SPV2<-melt(SPV1[date2 == dmda & Code == code][,
lapply(.SD, sum, na.rm = TRUE), by = Code,
.SDcols = patterns("^DR0")],
id.var = "Code", variable.name = "name", value.name = "val")[,

result<-SPV2[na.omit(SPV2[, .I[(as.Date(dmda) - min(as.Date(df1\$date1) [
df1\$Code == first(Code)])):max(name)+1], .(Code)]\$V1)]
> result
Code name val
1:  CDE   12   5
2:  CDE   13   5
3:  CDE   14   5

## After I calculate the result dataset, I used the lm function to obtain the coef value.

mod <- lm(val ~ I(name^2), result)
coef<-as.numeric(coef(mod))
> coef
 5``````

Here you go,

``````library(tidyverse)

df1 <- df1 %>% mutate(across(matches("^DR0"),~replace_na(.x,0)))

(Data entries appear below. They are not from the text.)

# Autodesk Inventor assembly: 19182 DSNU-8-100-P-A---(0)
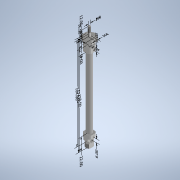
[picture p0: Inventor's stored thumbnail of the model, 180x180]
Saved by Autodesk Inventor 2021 (Build 250183000, 183)
## iProperties
Category: PARTsolutions
Company: FESTO
Created: 2026-04-16
Part Number: 19182 DSNU-8-100-P-A---(0)
Catalog Web Link: www.3dfindit.com
Description: DSNU-round cylinder
Vendor: FESTO
Document SubType Name: Assembly
Designer: psAdmin
Manufacturer: FESTO
Mass: 58.6 g
Surface Area: 124.069 cm^2
Volume: 11.6186 cm^3
Density: 5.04364 g/cm^3
Title: 19182 DSNU-8-100-P-A
Author: Cadenas PARTsolutions
Comments: round cylinder
PSOL_IDENT_0: {ATYP=ASSISTANT},{DATA=script=$CADENAS_DATA/23d-libs/festo/webfesto.vbb&M_FAMILY=DSNU&M_GROUP=01&M_P
PSOL_IDENT_1: ARTNO=19182&IDCODE1=DSNU-8-100-P-A&IDCODE2=&customer_number_cns=&MATES=1&LOD=HI&LOCKERP=0&SINGLEPART=
PSOL_IDENT_2: 1}
NB: 19182 DSNU-8-100-P-A---(0)
NN: DSNU
NT: round cylinder
NBSYN: $NB1.---($HUBST.)
LINA: 19182 DSNU-8-100-P-A
CATALOG: Festo
OFFICIAL_STANDARD_NUMBERS: ISO 6432
TNR: 19182
TYP: DSNU-8
KDM: 8
HUB: 100
HUBST: 0
DA: P
PE: A
KS: -
A1: 15
A2: 50
A3: 4
A4: 29
AB: 12
AM: 12
B: 12
BB: 3
BE: M12x1,25
BS: 3.4
B1: 24
B2: 0
B3: 0
B4: 0
B5: 14
B6: 6
B7: 0
CD: 4
D: 15
D1: 12
D2: 4
D3: 9.3
D4: 0
D5: 10.5
D6: 0
D7: 0
EE: M5
EW: 8
F: 18
FF: M3
F1: 0
H: 16
H1: 0
KK: M4
K1: -
K2: 0
KV: 19
KW: 6
KV2: 0
KW2: 0
L: 6
LH: 5
LK: 7.6
L1: 174
L2: 146
L3: 6
L4: 12
L5: 10
L6: 28
L7: 16
L8: 10
L9: 16
L13: 78
ST: 3.4
SW: 0
T: 0
WH: 16
X: 0
XC: 164
CNSMASSEXACT: 0.0586
GTIN: 4052568066949
REACH: Yes
REACHSVHC: No
REACHHAZSUBS: -
REACHSCIP: -
REACHVALDATE: -
SUPPLIER: FESTO
ARTICLENO: 19182 DSNU-8-100-P-A---(0)
BOMINFO: 19182 DSNU-8-100-P-A
CREATOR: CADENAS GmbH
## Documents named in this file (4)
- e:\temp\worker_COMMON_20\temp\tmp_2484_30_KxpFe\format_0\19182 DSNU-8-100-P-A---(0).iam
- e:\temp\worker_COMMON_20\temp\tmp_2484_30_KxpFe\format_0\19182 DSNU-8-100-P---(A----0-ZR).ipt
- e:\temp\worker_COMMON_20\temp\tmp_2484_30_KxpFe\format_0\DIN-439-B - M12x1_25(F).ipt
- e:\temp\worker_COMMON_20\temp\tmp_2484_30_KxpFe\format_0\19182 DSNU-8-100-P---(A---00--0-KS).ipt
## Components (3 placed, 3 different names)
1. 19182 DSNU-8-100-P---(A----0-ZR):1 — NUT_XY@1 <-> 2CYL_XY@2, NUT_Z@1 <-> 2CYL_Z@2, NUT_YZ@1 <-> 2CYL_YZ@2, ZR_XY@1 <-> KS_XY@3, ZR_Z@1 <-> KS_Z@3, ZR_YZ@1 <-> KS_YZ@3
2. DIN-439-B - M12x1_25(F):1 — NUT_XY@1 <-> 2CYL_XY@2, NUT_Z@1 <-> 2CYL_Z@2, NUT_YZ@1 <-> 2CYL_YZ@2
3. 19182 DSNU-8-100-P---(A---00--0-KS):1 — ZR_XY@1 <-> KS_XY@3, ZR_Z@1 <-> KS_Z@3, ZR_YZ@1 <-> KS_YZ@3
## Relationships (6: Mate 4, Angle 2)
- NUT_XY@1 <-> 2CYL_XY@2 [Mate] (-3 mm): 19182 DSNU-8-100-P---(A----0-ZR):1 ↔ DIN-439-B - M12x1_25(F):1
- NUT_Z@1 <-> 2CYL_Z@2 [Mate]: 19182 DSNU-8-100-P---(A----0-ZR):1 ↔ DIN-439-B - M12x1_25(F):1
- NUT_YZ@1 <-> 2CYL_YZ@2 [Angle] (0 deg): 19182 DSNU-8-100-P---(A----0-ZR):1 ↔ DIN-439-B - M12x1_25(F):1
- ZR_XY@1 <-> KS_XY@3 [Mate]: 19182 DSNU-8-100-P---(A----0-ZR):1 ↔ 19182 DSNU-8-100-P---(A---00--0-KS):1
- ZR_Z@1 <-> KS_Z@3 [Mate]: 19182 DSNU-8-100-P---(A----0-ZR):1 ↔ 19182 DSNU-8-100-P---(A---00--0-KS):1
- ZR_YZ@1 <-> KS_YZ@3 [Angle] (0 deg): 19182 DSNU-8-100-P---(A----0-ZR):1 ↔ 19182 DSNU-8-100-P---(A---00--0-KS):1

medi_ana_tib <- df1 %>% mutate(across(matches("^DR0"),~ DR1 - .x)) %>%
group_by(Code, Week) %>% summarise(across(matches("^DR0"),median)) %>%
rename_with(.fn = ~ str_glue("{.x}_PV"),.cols = matches("^DR0"))

SPV1_tib <- left_join(
medi_ana_tib %>% pivot_longer(
cols = -c(Code, Week),
names_to = c('DRs', 'attrb.'),
names_sep = '_',
values_to = 'PVs'
),
df1 %>% pivot_longer(
cols = -c(date1, date2, Code, Week),
names_to = 'DRs',
values_to = 'Vals'
),
by = c('Code', 'Week', 'DRs')
) %>% mutate(adjust_val = Vals + PVs) %>%
select(-PVs,-Vals) %>% pivot_wider(
names_from = c('DRs', 'attrb.'),
names_sep = '_',
)

dmda<-"2021-07-09"
code<-"CDE"

SPV2_tib <- SPV1_tib %>% filter(date2 == dmda & Code == code) %>%
group_by(Code) %>% summarise(across(matches("^DR0"),sum)) %>%
pivot_longer(-Code, names_to = 'name',values_to ='val') %>%
mutate(name = str_remove_all(name,"DR0|_PV") %>% as.numeric)

result_tib <- SPV2_tib %>% filter(
name > as.Date(dmda) - as.Date(df1 %>% filter(Code==code) %>% pull(date1) %>% min)
)

mod_tib <- lm(val ~ I(name^2), result_tib)
coef_tib<-as.numeric(coef(mod_tib))
``````

Thanks for reply @yifanliy. From what I understand you changed to `dplyr` function instead of `data.table`, is that it? Do you think that makes it faster, that is, decrease the processing time?

Generally, `dplyr` is much slower than `data.table`. Therefore, `tidytable` was born:

I also think `dplyr` is slower, so I did it for `data.table`. And do you think `tidytable` or `data.table` is faster?
oh, sorry for that, I didn't notice that you wanted to improve the processing time, I thought that you just wanted to reduce the code the `dplyr` can't compare `datatable` in the term of speed
`tidytable` is a direct translator from `dplyr` code to `data.table`. There is negligible, fixed overhead. You can see benchmarks here: speed_comparisons • tidytable
As you can see, the code readability is a massive upgrade from `dplyr` syntax, while virtually achieving 0 performance penalties from translation.